# Some specific questions about moving to Canada?



## mike12345 (Jan 17, 2013)

Hi guys,

I am a 30 years old guy working in Delhi as a Tech Lead for an American media firm for last 5 years. I have a total of 10 years of IT experience. 

Recently one of my friends has relocated to Ontario to pursue higher education and he told me in details about the country which made me very much interested in relocating to the same and I have been thinking seriously about the same for the last couple of months.

I have a family of 4 i.e. 2 adults, one 5 years old daughter and another infant. Since my friend is single and does not have much ideas of a family's expenditure, he has not been able to help me much. 

I have some specific questions about all this which are as follows:-

1) How much does rent costs for a 2 BHK apartment in suburbs?
2) How much should monthly ration cost for my family?
3) How much is the school fee in public elementary and secondary schools?
4) How much should i add for public transport for daily up down to nearest city from a suburb (for job)?

I do not have a flashy lifestyle. Since I love cooking, no matter how authentic a dish is, I pprefer to cook at home. We may go out once a month to eat. 

Keeping all this in mind, how much family income per month (before taxes) do you guys think is ok to support a family? 

What is the normal route to have a job, immigrate and start living a life?

Thanks in advance for your replies.


----------



## RGS (Jan 24, 2011)

What part of Canada are you looking to move to? Prices of things can vary from one part of Canada to another.


----------



## mike12345 (Jan 17, 2013)

RGS said:


> What part of Canada are you looking to move to? Prices of things can vary from one part of Canada to another.


I have no idea mate. What do you suggest? Let us assume somewhere around Toronto, may be "Mississauga", someone suggested that this area has lots of Indian population.


----------



## RGS (Jan 24, 2011)

mike12345 said:


> I have no idea mate. What do you suggest? Let us assume somewhere around Toronto, may be "Mississauga", someone suggested that this area has lots of Indian population.


If you are in IT, then yes, there are a lot of IT related jobs in Toronto, or the Greater Toronto Area (GTA). Toronto itself is around 2.6 million people, but taking into account all the cities surrounding Toronto (such as Mississauga), that overall population more than doubles. I don't think you would have any issues finding a job in any part of the GTA.

Other IT related jobs and city possibilities could also be Ottawa, Montreal, Calgary, Edmonton and Vancouver.


----------



## mike12345 (Jan 17, 2013)

RGS said:


> If you are in IT, then yes, there are a lot of IT related jobs in Toronto, or the Greater Toronto Area (GTA). Toronto itself is around 2.6 million people, but taking into account all the cities surrounding Toronto (such as Mississauga), that overall population more than doubles. I don't think you would have any issues finding a job in any part of the GTA.
> 
> Other IT related jobs and city possibilities could also be Ottawa, Montreal, Calgary, Edmonton and Vancouver.
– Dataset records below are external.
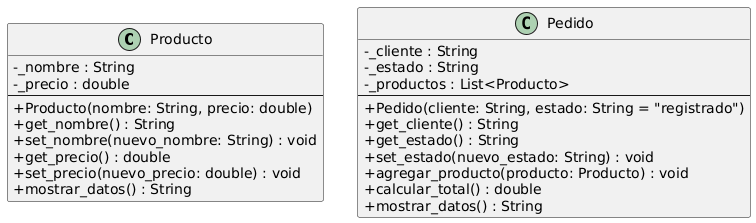

The diagram above was rendered by PlantUML. Its source (embedded in the PNG):
@startuml
skinparam classAttributeIconSize 0

class Producto {
- _nombre : String
- _precio : double
----
+ Producto(nombre: String, precio: double)
+ get_nombre() : String
+ set_nombre(nuevo_nombre: String) : void
+ get_precio() : double
+ set_precio(nuevo_precio: double) : void
+ mostrar_datos() : String
}

class Pedido {
- _cliente : String
- _estado : String
- _productos : List<Producto>
----
+ Pedido(cliente: String, estado: String = "registrado")
+ get_cliente() : String
+ get_estado() : String
+ set_estado(nuevo_estado: String) : void
+ agregar_producto(producto: Producto) : void
+ calcular_total() : double
+ mostrar_datos() : String
}
@enduml
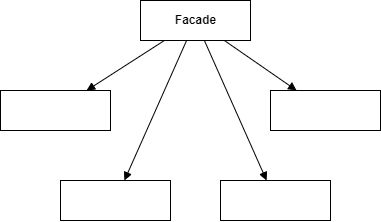

The diagram above was exported from draw.io. Its source (the exported page's mxGraphModel, read from the mxfile embedded in the PNG):
<mxGraphModel dx="1146" dy="574" grid="1" gridSize="10" guides="1" tooltips="1" connect="1" arrows="1" fold="1" page="1" pageScale="1" pageWidth="850" pageHeight="1100" math="0" shadow="0">
  <root>
    <mxCell id="NTZf_wT_4gfACiUBTDC2-0" />
    <mxCell id="NTZf_wT_4gfACiUBTDC2-1" parent="NTZf_wT_4gfACiUBTDC2-0" />
    <mxCell id="NTZf_wT_4gfACiUBTDC2-2" value="&lt;b&gt;Facade&lt;/b&gt;" style="html=1;" vertex="1" parent="NTZf_wT_4gfACiUBTDC2-1">
      <mxGeometry x="270" y="350" width="110" height="40" as="geometry" />
    </mxCell>
    <mxCell id="NTZf_wT_4gfACiUBTDC2-4" value="" style="html=1;" vertex="1" parent="NTZf_wT_4gfACiUBTDC2-1">
      <mxGeometry x="130" y="440" width="110" height="40" as="geometry" />
    </mxCell>
    <mxCell id="NTZf_wT_4gfACiUBTDC2-5" value="" style="html=1;" vertex="1" parent="NTZf_wT_4gfACiUBTDC2-1">
      <mxGeometry x="190" y="530" width="110" height="40" as="geometry" />
    </mxCell>
    <mxCell id="NTZf_wT_4gfACiUBTDC2-6" value="" style="html=1;" vertex="1" parent="NTZf_wT_4gfACiUBTDC2-1">
      <mxGeometry x="350" y="530" width="110" height="40" as="geometry" />
    </mxCell>
    <mxCell id="NTZf_wT_4gfACiUBTDC2-7" value="" style="html=1;" vertex="1" parent="NTZf_wT_4gfACiUBTDC2-1">
      <mxGeometry x="400" y="440" width="110" height="40" as="geometry" />
    </mxCell>
    <mxCell id="NTZf_wT_4gfACiUBTDC2-8" value="" style="html=1;verticalAlign=bottom;endArrow=block;rounded=0;" edge="1" parent="NTZf_wT_4gfACiUBTDC2-1" source="NTZf_wT_4gfACiUBTDC2-2" target="NTZf_wT_4gfACiUBTDC2-4">
      <mxGeometry width="80" relative="1" as="geometry">
        <mxPoint x="510" y="400" as="sourcePoint" />
        <mxPoint x="590" y="400" as="targetPoint" />
      </mxGeometry>
    </mxCell>
    <mxCell id="NTZf_wT_4gfACiUBTDC2-9" value="" style="html=1;verticalAlign=bottom;endArrow=block;rounded=0;" edge="1" parent="NTZf_wT_4gfACiUBTDC2-1" source="NTZf_wT_4gfACiUBTDC2-2" target="NTZf_wT_4gfACiUBTDC2-7">
      <mxGeometry width="80" relative="1" as="geometry">
        <mxPoint x="510" y="400" as="sourcePoint" />
        <mxPoint x="590" y="400" as="targetPoint" />
      </mxGeometry>
    </mxCell>
    <mxCell id="NTZf_wT_4gfACiUBTDC2-10" value="" style="html=1;verticalAlign=bottom;endArrow=block;rounded=0;" edge="1" parent="NTZf_wT_4gfACiUBTDC2-1" source="NTZf_wT_4gfACiUBTDC2-2" target="NTZf_wT_4gfACiUBTDC2-5">
      <mxGeometry width="80" relative="1" as="geometry">
        <mxPoint x="510" y="400" as="sourcePoint" />
        <mxPoint x="590" y="400" as="targetPoint" />
      </mxGeometry>
    </mxCell>
    <mxCell id="NTZf_wT_4gfACiUBTDC2-11" value="" style="html=1;verticalAlign=bottom;endArrow=block;rounded=0;" edge="1" parent="NTZf_wT_4gfACiUBTDC2-1" source="NTZf_wT_4gfACiUBTDC2-2" target="NTZf_wT_4gfACiUBTDC2-6">
      <mxGeometry width="80" relative="1" as="geometry">
        <mxPoint x="510" y="400" as="sourcePoint" />
        <mxPoint x="590" y="400" as="targetPoint" />
      </mxGeometry>
    </mxCell>
  </root>
</mxGraphModel>

Many thanks and how much money is needed to support my family if I go for a 2 BHK apartment on rent, send one kid to school and use public transport.


----------



## RGS (Jan 24, 2011)

mike12345 said:


> Many thanks and how much money is needed to support my family if I go for a 2 BHK apartment on rent, send one kid to school and use public transport.


Supporting a family in a city in Canada is a pretty broad question and I can only give rough estimates as every family is different on their purchases. Some families for example purchase clothes for the kids every couple of months, where other families purchase clothes once a year.

- Rent for a two bedroom in Toronto or GTA (approx $1500/month). You will need to pay for your own television cable access and internet and phone, and possibly electricity. Usually water and heat are covered as part of the rent

- Food for family of 4 (including parents) approx $300 per month

- I don't know the cost of public transit, but you could probably look that up online and search for Toronto public transit costs

- Schooling is free. Most everyone in Canada pays "school tax" no matter if you have kids or not. This allows all kids to go to school for free. But you will have to pay for school supplies such and pencils/pens, notebooks, text books, etc.


----------



## Stargazer (Jan 10, 2009)

We spend more than $300 a month to feed two adults and two small children. Maybe groceries are cheaper in Ontario than Saskatchewan? I have set goals to spend no more than $400-500 and struggled to meet it.


----------



## Camerish (May 24, 2012)

a 2 bedroom is easily as low as $1,100 in some suburbs of Toronto.

A monthly TTC (city of toronto) pass is about $110. I commute on the GO Train and it costs about $13 per day, round-trip. The GO Train is a commuter rail going to Union Station, down town Toronto and all the suburbs have stations.

In Toronto you can easily get by without a car, even in some of the suburbs (though a bit more inconvenient).


----------